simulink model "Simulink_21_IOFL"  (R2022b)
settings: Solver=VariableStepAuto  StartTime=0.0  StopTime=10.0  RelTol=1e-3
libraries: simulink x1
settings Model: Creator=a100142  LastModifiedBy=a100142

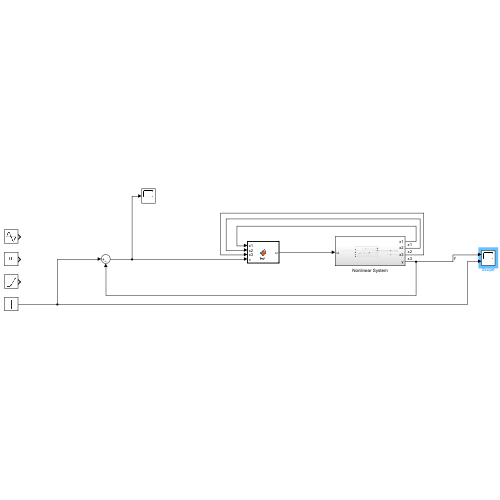
[thumbnail: Simulink's stored preview of the top-level diagram]
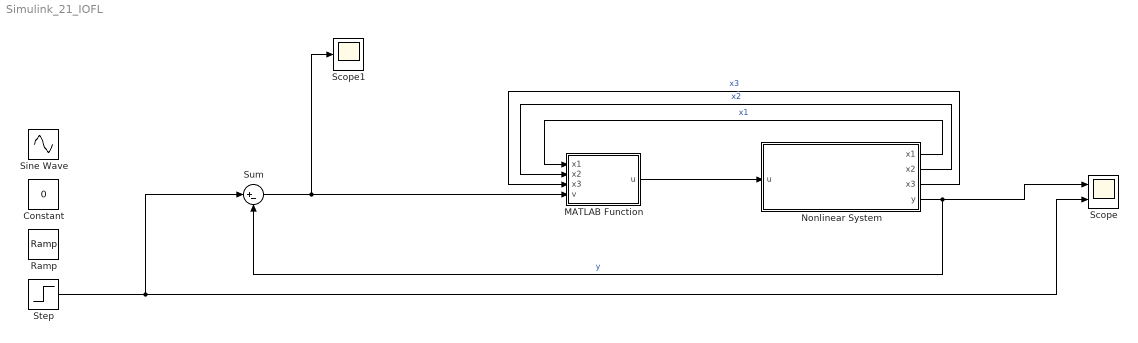
== system Simulink_21_IOFL ==
  Constant : Constant  Value=0
  MATLAB Function : MATLAB Function  TreatAsAtomicUnit=on
  Nonlinear System : Subsystem
  Ramp : simulink/Sources/Ramp  slope=1  start=0  InitialOutput=0
  Scope : Scope  NumInputPorts=2
  Scope1 : Scope
  Sine Wave : Sin  SampleTime=0
  Step : Step  SampleTime=0
  Sum : Sum  Inputs=|+-
  wires:
  MATLAB Function/1(u) -> Nonlinear System/1(u)
  Nonlinear System/1(x1) -> MATLAB Function/1(x1)  "x1"
  Nonlinear System/2(x2) -> MATLAB Function/2(x2)  "x2"
  Nonlinear System/3(x3) -> MATLAB Function/3(x3)  "x3"
  Nonlinear System/4(y) -> Sum/2, Scope/1  "y"
  Sum/1 -> Scope1/1, MATLAB Function/4(v)
  Step/1 -> Sum/1, Scope/2

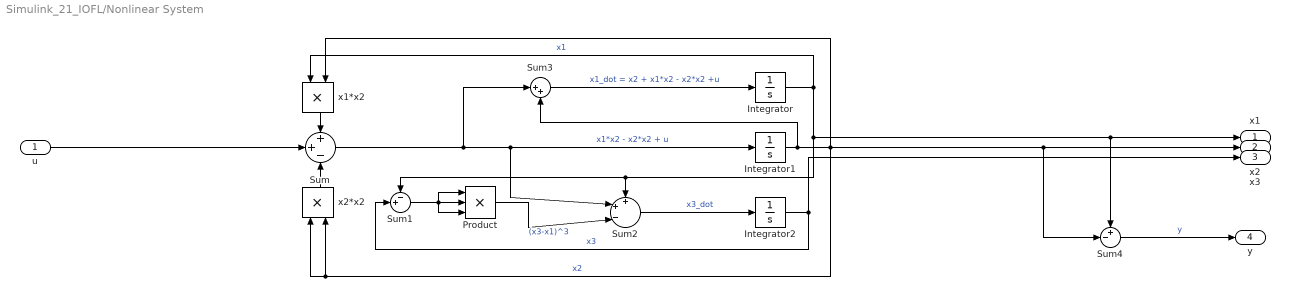
== system Simulink_21_IOFL/Nonlinear System ==
  u : Inport
  Integrator : Integrator  InitialCondition=1
  Integrator1 : Integrator  InitialCondition=1
  Integrator2 : Integrator  InitialCondition=1
  Product : Product  Inputs=3
  Sum : Sum  Inputs=++-
  Sum1 : Sum  Inputs=-+|
  Sum2 : Sum  Inputs=++-|
  Sum3 : Sum  Inputs=|++
  Sum4 : Sum  Inputs=+-|
  x1*x2 : Product
  x2*x2 : Product
  x1 : Outport
  x2 : Outport  Port=2
  x3 : Outport  Port=3
  y : Outport  Port=4
  wires:
  Sum3/1 -> Integrator/1  "x1_dot = x2 + x1*x2 - x2*x2 +u"
  Sum/1 -> Sum3/1, Integrator1/1, Sum2/2  "x1*x2 - x2*x2 + u"
  Product/1 -> Sum2/3  "(x3-x1)^3"
  Integrator/1 -> x1/1, Sum4/1, Sum1/1, Sum2/1, x1*x2/1  "x1"
  Integrator1/1 -> Sum4/2, x2/1, x2*x2/2, x2*x2/1, x1*x2/2, Sum3/2  "x2"
  x2*x2/1 -> Sum/3
  Integrator2/1 -> x3/1, Sum1/2  "x3"
  Sum1/1 -> Product/3, Product/2, Product/1
  x1*x2/1 -> Sum/1
  Sum2/1 -> Integrator2/1  "x3_dot"
  u/1 -> Sum/2
  Sum4/1 -> y/1  "y"

== matlab function Simulink_21_IOFL/MATLAB Function ==
  data: x1 input; u output; x2 input; x3 input; v input
function u = fcn(x1,x2,x3,v)
h = x1-x2;
Lfh = x2;
Lf2h = - x2^2 + x1*x2;
LgLfh = 1;

u =  (v-Lf2h-1.5*Lfh-0.5*h)/LgLfh;
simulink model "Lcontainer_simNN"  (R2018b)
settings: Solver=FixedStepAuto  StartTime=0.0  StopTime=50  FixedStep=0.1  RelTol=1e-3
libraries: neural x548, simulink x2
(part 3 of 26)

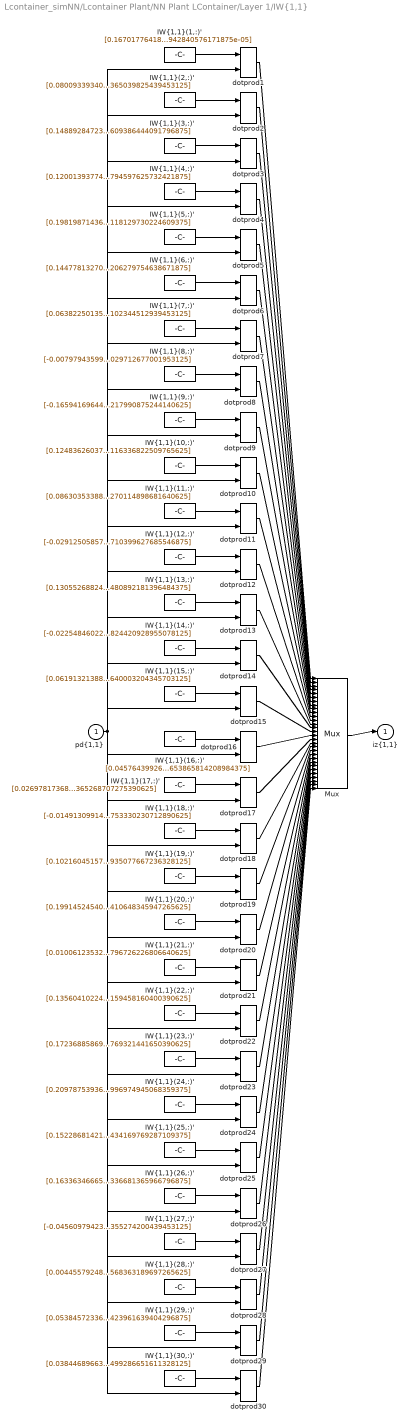
== system Lcontainer_simNN/Lcontainer Plant/NN Plant LContainer/Layer 1/IW{1,1} ==
  "pd{1,1}" : Inport  PortDimensions=10
      mask Display: e = 0.06;c1 = [120 230 180]/255;c2 = ([120 230 180]+0)/(256+128);c3 = ([120 230 180]+128)/(256+128);patch([0 1 1 0],[0 0 1 1],c1);patch([0 1 1 1-e 1-e 0+e],[0 0 1 1-e 0+e 0+e],c2);patch([0 0 1 1-e 0+e 0+e],[0 1 1 1-e 1-e 0+e],c3);plot([0 1 1 0 0],[0 0 1 1 0]);
  "IW{1,1}(1,:)'" : Constant  Value=[0.1670177641811616264799766895521315746009349822998046875;0.01560102160777569225980077050053296261467039585113525390625;0.1353504667630745783579726548850885592401027679443359375;-0.04250494535911998605914874360678368248045444488525390625;0.0684296477871207120546870328325894661247730255126953125;-0.51362198502479172734780377140850760042667388916015625;-0.00801913460694114212101712979574585915543138980865478515625;-0.002839228628072099601398203816415843903087079524993896484375;-0.07313629313567386602823461316802422516047954559326171875;-1.416090249272215271614076825823502758794347755610942840576171875e-05]
      mask Display: e = 0.06;c1 = [120 150 230]/255;c2 = ([120 150 230]+0)/383;c3 = ([120 150 230]+128)/383;patch([0 1 1 0],[0 0 1 1],c1);patch([0 1 1 1-e 1-e 0+e],[0 0 1 1-e 0+e 0+e],c2);patch([0 0 1 1-e 0+e 0+e],[0 1 1 1-e 1-e 0+e],c3);plot([0 1 1 0 0],[0 0 1 1 0]);disp('Weights');
  "IW{1,1}(10,:)'" : Constant  Value=[0.124836260374901752978615832034847699105739593505859375;-0.161949312454792437865336296454188413918018341064453125;-0.1362638506570842122922471162382862530648708343505859375;-0.0926135319083747632351588663368602283298969268798828125;-0.00957801924665558322702363369671729742549359798431396484375;-0.045419427604590577318699473607921390794217586517333984375;0.043044199038925430589319631735634175129234790802001953125;0.139030195333694372994415289213065989315509796142578125;-0.07995932098118506414774486756869009695947170257568359375;0.00092513261988871366148234898219016031362116336822509765625]
      mask Display: e = 0.06;c1 = [120 150 230]/255;c2 = ([120 150 230]+0)/383;c3 = ([120 150 230]+128)/383;patch([0 1 1 0],[0 0 1 1],c1);patch([0 1 1 1-e 1-e 0+e],[0 0 1 1-e 0+e 0+e],c2);patch([0 0 1 1-e 0+e 0+e],[0 1 1 1-e 1-e 0+e],c3);plot([0 1 1 0 0],[0 0 1 1 0]);disp('Weights');
  "IW{1,1}(11,:)'" : Constant  Value=[0.08630353388669521896847669495400623418390750885009765625;-0.1791665087636944153626217257624375633895397186279296875;0.202576576266262409209417683086940087378025054931640625;0.0236792684862243939247772317457929602824151515960693359375;0.0018701201837262593219435302671627141535282135009765625;-0.01483678593335212118897725730448655667714774608612060546875;0.004616789438543386116242661643127576098777353763580322265625;0.17930907263011786056949858902953565120697021484375;-0.08159303040363997949757646210855455137789249420166015625;0.0282039361310799409354732603105730959214270114898681640625]
      mask Display: e = 0.06;c1 = [120 150 230]/255;c2 = ([120 150 230]+0)/383;c3 = ([120 150 230]+128)/383;patch([0 1 1 0],[0 0 1 1],c1);patch([0 1 1 1-e 1-e 0+e],[0 0 1 1-e 0+e 0+e],c2);patch([0 0 1 1-e 0+e 0+e],[0 1 1 1-e 1-e 0+e],c3);plot([0 1 1 0 0],[0 0 1 1 0]);disp('Weights');
  "IW{1,1}(12,:)'" : Constant  Value=[-0.0291250585768351132054387875314205302856862545013427734375;0.00952921702394945481506827178463936434127390384674072265625;0.267259919627413744525057381906663067638874053955078125;-0.0051808169387411208417493213573834509588778018951416015625;0.0174625145621995596367792558112341794185340404510498046875;0.063044600541946216321065321608330123126506805419921875;0.319398294249768899266683774840203113853931427001953125;0.269579842613730746858635711760143749415874481201171875;0.07014645562363795716631642562788329087197780609130859375;0.0264684519642995434718368841231495025567710399627685546875]
      mask Display: e = 0.06;c1 = [120 150 230]/255;c2 = ([120 150 230]+0)/383;c3 = ([120 150 230]+128)/383;patch([0 1 1 0],[0 0 1 1],c1);patch([0 1 1 1-e 1-e 0+e],[0 0 1 1-e 0+e 0+e],c2);patch([0 0 1 1-e 0+e 0+e],[0 1 1 1-e 1-e 0+e],c3);plot([0 1 1 0 0],[0 0 1 1 0]);disp('Weights');
  "IW{1,1}(13,:)'" : Constant  Value=[0.1305526882482727357714935578769654966890811920166015625;-0.06528203150705998158986886892307666130363941192626953125;0.047305218793122140452656054776525706984102725982666015625;0.0136865357230403807131668969532256596721708774566650390625;0.00673344780706026761751825659985115635208785533905029296875;0.03229255147069413911520285864753532223403453826904296875;0.41348167507024446987173860179609619081020355224609375;0.027804499625473745594295138516827137209475040435791015625;-0.2340958545503011023480866015233914367854595184326171875;0.004478330805760355991240739825798300444148480892181396484375]
      mask Display: e = 0.06;c1 = [120 150 230]/255;c2 = ([120 150 230]+0)/383;c3 = ([120 150 230]+128)/383;patch([0 1 1 0],[0 0 1 1],c1);patch([0 1 1 1-e 1-e 0+e],[0 0 1 1-e 0+e 0+e],c2);patch([0 0 1 1-e 0+e 0+e],[0 1 1 1-e 1-e 0+e],c3);plot([0 1 1 0 0],[0 0 1 1 0]);disp('Weights');
  "IW{1,1}(14,:)'" : Constant  Value=[-0.0225484602282647710047580602576999808661639690399169921875;0.05774873566135345359651154240054893307387828826904296875;0.5060283476829223747728292437386699020862579345703125;0.0159029837915102383039123168373407679609954357147216796875;0.02838772171995175563896651738104992546141147613525390625;0.1965938960797436185767850247430033050477504730224609375;0.007917434912395042434507530515475082211196422576904296875;0.1518871622845466007323267376705189235508441925048828125;-0.0247704620376429270056650722153790411539375782012939453125;0.041300061479661316632405743121125851757824420928955078125]
      mask Display: e = 0.06;c1 = [120 150 230]/255;c2 = ([120 150 230]+0)/383;c3 = ([120 150 230]+128)/383;patch([0 1 1 0],[0 0 1 1],c1);patch([0 1 1 1-e 1-e 0+e],[0 0 1 1-e 0+e 0+e],c2);patch([0 0 1 1-e 0+e 0+e],[0 1 1 1-e 1-e 0+e],c3);plot([0 1 1 0 0],[0 0 1 1 0]);disp('Weights');
  "IW{1,1}(15,:)'" : Constant  Value=[0.061913213887811104074732071467224159277975559234619140625;-0.0216362295870577703293946569829131476581096649169921875;0.101317485680977592554796729018562473356723785400390625;0.0210881847815000689205788830804522149264812469482421875;0.00696638032098011172887908060147310607135295867919921875;0.11983017463584390294162318468806915916502475738525390625;0.239337512403481167400087770147365517914295196533203125;-0.1171358792934586168232868885752395726740360260009765625;0.398774716873063372890584332708385773003101348876953125;0.038324897351688147484338742287945933640003204345703125]
      mask Display: e = 0.06;c1 = [120 150 230]/255;c2 = ([120 150 230]+0)/383;c3 = ([120 150 230]+128)/383;patch([0 1 1 0],[0 0 1 1],c1);patch([0 1 1 1-e 1-e 0+e],[0 0 1 1-e 0+e 0+e],c2);patch([0 0 1 1-e 0+e 0+e],[0 1 1 1-e 1-e 0+e],c3);plot([0 1 1 0 0],[0 0 1 1 0]);disp('Weights');
  "IW{1,1}(16,:)'" : Constant  Value=[0.04576439926106130873240118717149016447365283966064453125;0.137842889518047184704840901758871041238307952880859375;-0.001062896226088540056753384277499208110384643077850341796875;0.000427366088309317419639821178378724653157405555248260498046875;0.028343598215901218140277961765605141408741474151611328125;0.0991572984578191485294240692383027635514736175537109375;0.006167476552930396642426824627136738854460418224334716796875;0.1762641333075480598591155967369559220969676971435546875;-0.204617122673511175889871083199977874755859375;0.0200528267813603854052839636779026477597653865814208984375]
      mask Display: e = 0.06;c1 = [120 150 230]/255;c2 = ([120 150 230]+0)/383;c3 = ([120 150 230]+128)/383;patch([0 1 1 0],[0 0 1 1],c1);patch([0 1 1 1-e 1-e 0+e],[0 0 1 1-e 0+e 0+e],c2);patch([0 0 1 1-e 0+e 0+e],[0 1 1 1-e 1-e 0+e],c3);plot([0 1 1 0 0],[0 0 1 1 0]);disp('Weights');
  "IW{1,1}(17,:)'" : Constant  Value=[0.026978173681238150349859239440775127150118350982666015625;-0.2174714602322888323815419653328717686235904693603515625;-0.324306484500667069337254133643000386655330657958984375;0.019968231199915954798829176297658705152571201324462890625;0.0183235476946951754417813873487830278463661670684814453125;0.12304325953026350182195614024749374948441982269287109375;0.07645980262426817219978403272762079723179340362548828125;0.156011582504076873334497577161528170108795166015625;0.3010074819622747810399232548661530017852783203125;-0.000943885662108405313654169166426299852901138365268707275390625]
      mask Display: e = 0.06;c1 = [120 150 230]/255;c2 = ([120 150 230]+0)/383;c3 = ([120 150 230]+128)/383;patch([0 1 1 0],[0 0 1 1],c1);patch([0 1 1 1-e 1-e 0+e],[0 0 1 1-e 0+e 0+e],c2);patch([0 0 1 1-e 0+e 0+e],[0 1 1 1-e 1-e 0+e],c3);plot([0 1 1 0 0],[0 0 1 1 0]);disp('Weights');
  "IW{1,1}(18,:)'" : Constant  Value=[-0.01491309914457791645225892551707147504203021526336669921875;0.004544201607269822418277982478684862144291400909423828125;-0.01445748639927858965326112894445031997747719287872314453125;-0.00997202094028175160811411359418343636207282543182373046875;-0.056222949623621787385019388239015825092792510986328125;-0.10192838113112891174072416333729051984846591949462890625;-0.015872460559222194287354312791649135760962963104248046875;0.0052542880674311086275363180675412877462804317474365234375;-0.0033113225924444136295810015013785232440568506717681884765625;-0.007569031934165791099256015428409227752126753330230712890625]
      mask Display: e = 0.06;c1 = [120 150 230]/255;c2 = ([120 150 230]+0)/383;c3 = ([120 150 230]+128)/383;patch([0 1 1 0],[0 0 1 1],c1);patch([0 1 1 1-e 1-e 0+e],[0 0 1 1-e 0+e 0+e],c2);patch([0 0 1 1-e 0+e 0+e],[0 1 1 1-e 1-e 0+e],c3);plot([0 1 1 0 0],[0 0 1 1 0]);disp('Weights');
  "IW{1,1}(19,:)'" : Constant  Value=[0.102160451576448263466545540723018348217010498046875;0.1056481880648582893922338143966044299304485321044921875;-0.1366538710795570654710218150285072624683380126953125;0.0016875852705349812625523764353374644997529685497283935546875;0.0266990065681217449145012921007946715690195560455322265625;-0.1707127678418920713188100535262492485344409942626953125;0.1685697706561184727735991373265278525650501251220703125;0.00947885967350793612329340476208017207682132720947265625;-0.0174334840764413141755984071323837270028889179229736328125;-0.008740802388134523426277411317641963250935077667236328125]
      mask Display: e = 0.06;c1 = [120 150 230]/255;c2 = ([120 150 230]+0)/383;c3 = ([120 150 230]+128)/383;patch([0 1 1 0],[0 0 1 1],c1);patch([0 1 1 1-e 1-e 0+e],[0 0 1 1-e 0+e 0+e],c2);patch([0 0 1 1-e 0+e 0+e],[0 1 1 1-e 1-e 0+e],c3);plot([0 1 1 0 0],[0 0 1 1 0]);disp('Weights');
  "IW{1,1}(2,:)'" : Constant  Value=[0.08009339340274156116006309957811026833951473236083984375;-0.341187651594337726379535524756647646427154541015625;0.37131085830534249492274057047325186431407928466796875;0.0276570396628715679809840111147423158399760723114013671875;-0.0176590584667420287534600475964907673187553882598876953125;-0.20793086683045325369079137090011499822139739990234375;-0.147240611428952672401493373399716801941394805908203125;0.501763948574379892164643024443648755550384521484375;0.1585647023167238156560188144794665277004241943359375;-0.0050605043202657691570056641694463905878365039825439453125]
      mask Display: e = 0.06;c1 = [120 150 230]/255;c2 = ([120 150 230]+0)/383;c3 = ([120 150 230]+128)/383;patch([0 1 1 0],[0 0 1 1],c1);patch([0 1 1 1-e 1-e 0+e],[0 0 1 1-e 0+e 0+e],c2);patch([0 0 1 1-e 0+e 0+e],[0 1 1 1-e 1-e 0+e],c3);plot([0 1 1 0 0],[0 0 1 1 0]);disp('Weights');
  "IW{1,1}(20,:)'" : Constant  Value=[0.1991452454039419894815665657006320543587207794189453125;-0.1956424860890517980482883331205812282860279083251953125;-0.00701963429226160236240605883040188928134739398956298828125;-0.0112617468728325280380442308114652405492961406707763671875;-0.0267009858683903457399200220834245556034147739410400390625;-0.336474863993861728062029214925132691860198974609375;0.137435633543130764078199490541010163724422454833984375;0.148090412697930273733248895950964652001857757568359375;-0.1631223921012745770031671099786763079464435577392578125;-0.004046200557424725098576434589858763501979410648345947265625]
      mask Display: e = 0.06;c1 = [120 150 230]/255;c2 = ([120 150 230]+0)/383;c3 = ([120 150 230]+128)/383;patch([0 1 1 0],[0 0 1 1],c1);patch([0 1 1 1-e 1-e 0+e],[0 0 1 1-e 0+e 0+e],c2);patch([0 0 1 1-e 0+e 0+e],[0 1 1 1-e 1-e 0+e],c3);plot([0 1 1 0 0],[0 0 1 1 0]);disp('Weights');
  "IW{1,1}(21,:)'" : Constant  Value=[0.0100612353260697666434975161564580048434436321258544921875;-0.047758173787906567364647258955301367677748203277587890625;0.08753622655184885303913944198939134366810321807861328125;-0.01203498314183600211013658309866514173336327075958251953125;0.039696154668679768662276075019690324552357196807861328125;0.061552473494788033370195279303516144864261150360107421875;-0.159032940766079933236909482729970477521419525146484375;0.22249948469810387763345715939067304134368896484375;-0.053958295229308998741668546017535845749080181121826171875;0.0261808854632667765971465456686928519047796726226806640625]
      mask Display: e = 0.06;c1 = [120 150 230]/255;c2 = ([120 150 230]+0)/383;c3 = ([120 150 230]+128)/383;patch([0 1 1 0],[0 0 1 1],c1);patch([0 1 1 1-e 1-e 0+e],[0 0 1 1-e 0+e 0+e],c2);patch([0 0 1 1-e 0+e 0+e],[0 1 1 1-e 1-e 0+e],c3);plot([0 1 1 0 0],[0 0 1 1 0]);disp('Weights');
  "IW{1,1}(22,:)'" : Constant  Value=[0.1356041022414495866854622363462112843990325927734375;0.0287949137235390360822773203608448966406285762786865234375;-0.05502970772566261048464042460182099603116512298583984375;0.0241051437300884539849388232823912403546273708343505859375;0.0311590884976121473837196163003682158887386322021484375;-0.3048121330609430135183401944232173264026641845703125;-0.042395171411425285057372747132831136696040630340576171875;0.33841889538137248649718458182178437709808349609375;0.08028790925315244797477731708568171598017215728759765625;0.01016868751942316163872082057650914066471159458160400390625]
      mask Display: e = 0.06;c1 = [120 150 230]/255;c2 = ([120 150 230]+0)/383;c3 = ([120 150 230]+128)/383;patch([0 1 1 0],[0 0 1 1],c1);patch([0 1 1 1-e 1-e 0+e],[0 0 1 1-e 0+e 0+e],c2);patch([0 0 1 1-e 0+e 0+e],[0 1 1 1-e 1-e 0+e],c3);plot([0 1 1 0 0],[0 0 1 1 0]);disp('Weights');
  "IW{1,1}(23,:)'" : Constant  Value=[0.17236885869881424238059253184474073350429534912109375;0.047838557391975740362699553998027113266289234161376953125;0.292485349552997764277506576036103069782257080078125;-0.01494905367260888039149246964143458171747624874114990234375;0.0022834452479763641015442221515741039183922111988067626953125;-0.410351306603296495101318441811599768698215484619140625;0.31149635452079904585076519651920534670352935791015625;-0.387317499844863244451431683046394027769565582275390625;0.1658780973017434379190859772279509343206882476806640625;0.0204665685198074688566638457132285111583769321441650390625]
      mask Display: e = 0.06;c1 = [120 150 230]/255;c2 = ([120 150 230]+0)/383;c3 = ([120 150 230]+128)/383;patch([0 1 1 0],[0 0 1 1],c1);patch([0 1 1 1-e 1-e 0+e],[0 0 1 1-e 0+e 0+e],c2);patch([0 0 1 1-e 0+e 0+e],[0 1 1 1-e 1-e 0+e],c3);plot([0 1 1 0 0],[0 0 1 1 0]);disp('Weights');
  "IW{1,1}(24,:)'" : Constant  Value=[0.2097875393615591665952280209239688701927661895751953125;-0.09495759574741362285532630949091981165111064910888671875;-0.1285436793632044605306674611711059696972370147705078125;0.01222204376306920865780103468978268210776150226593017578125;0.044848969988143756737475342788457055576145648956298828125;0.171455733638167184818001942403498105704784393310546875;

═══

Look through the data above. Copy every line with the string "Solver" in it.

Solution below:
settings: Solver=VariableStepAuto  StartTime=0.0  StopTime=10.0  RelTol=1e-3
settings: Solver=FixedStepAuto  StartTime=0.0  StopTime=50  FixedStep=0.1  RelTol=1e-3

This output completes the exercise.